◆ **Brief**
Look through the entries below for the line that contains "-2) (0, 18, -2)", then set down that line and each one after it exactly, through the last.

Stored data:
============

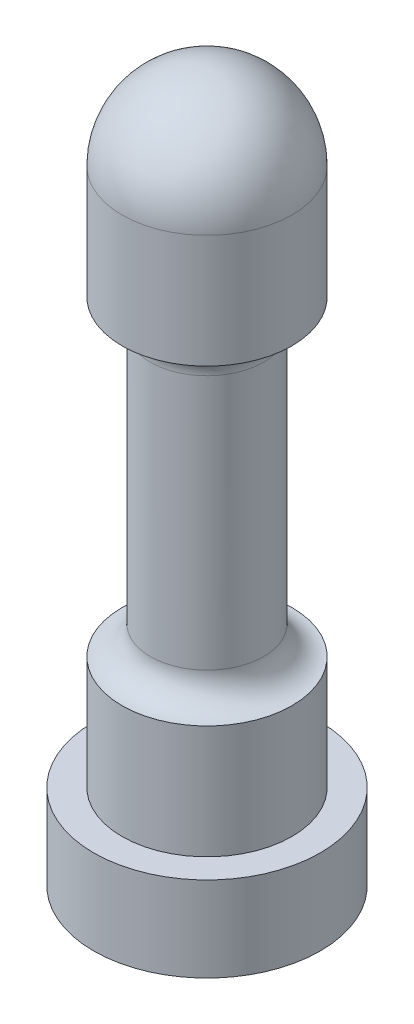
SolidWorks part; units mm, degrees
ref_plane "Front Plane" through (0, 0, 0) normal (0, 0, 1) x (1, 0, 0)
ref_plane "Top Plane" through (0, 0, 0) normal (0, 1, 0) x (1, 0, 0)
ref_plane "Right Plane" through (0, 0, 0) normal (1, 0, 0) x (0, 0, -1)
sketch "Sketch1" plane through (0, 0, 0) normal (0, 0, 1) x (1, 0, 0)
  line L0 (0, 0) -> (0, 25)
  line L1 (0, -55) -> (0, 55) construction
  line L2 (0, 0) -> (4, 0)
  line L3 (4, 0) -> (4, 3)
  line L4 (4, 3) -> (3, 3)
  line L5 (3, 3) -> (3, 7)
  line L6 (3, 7) -> (2, 7)
  line L7 (2, 7) -> (2, 18)
  line L8 (2, 18) -> (3, 18)
  line L9 (3, 18) -> (3, 25)
  line L10 (3, 25) -> (0, 25)
  point P5 (-21.832, 10.7895)
  dimension "D2" = 3
  dimension "D3" = 4
  dimension "D4" = 4
  dimension "D5" = 11
  dimension "D6" = 3
  dimension "D7" = 1
  dimension "D8" = 1
  dimension "D9" = 7
revolve "Revolve1" add sketch "Sketch1" angle 360 about L0
fillet "Fillet1" radius 3 1 edges at (0, 25, -3)
fillet "Fillet2" radius 1 2 edges at (0, 7, -2) (0, 18, -2)
sketch "Sketch2" plane through (0, 0, 0) normal (0, 0, 1) x (1, 0, 0)
  line L0 (0, 2.8255) -> (0, 0)
  line L1 (0, 0) -> (2.8255, 0)
  arc A0 (2.8255, 0) -> (0, 2.8255) centre (0, 0) ccw
revolve "Cut-Revolve1" cut sketch "Sketch2" angle 360 about L0

============

◆ **Written answer**
fillet "Fillet2" radius 1 2 edges at (0, 7, -2) (0, 18, -2)
sketch "Sketch2" plane through (0, 0, 0) normal (0, 0, 1) x (1, 0, 0)
  line L0 (0, 2.8255) -> (0, 0)
  line L1 (0, 0) -> (2.8255, 0)
  arc A0 (2.8255, 0) -> (0, 2.8255) centre (0, 0) ccw
revolve "Cut-Revolve1" cut sketch "Sketch2" angle 360 about L0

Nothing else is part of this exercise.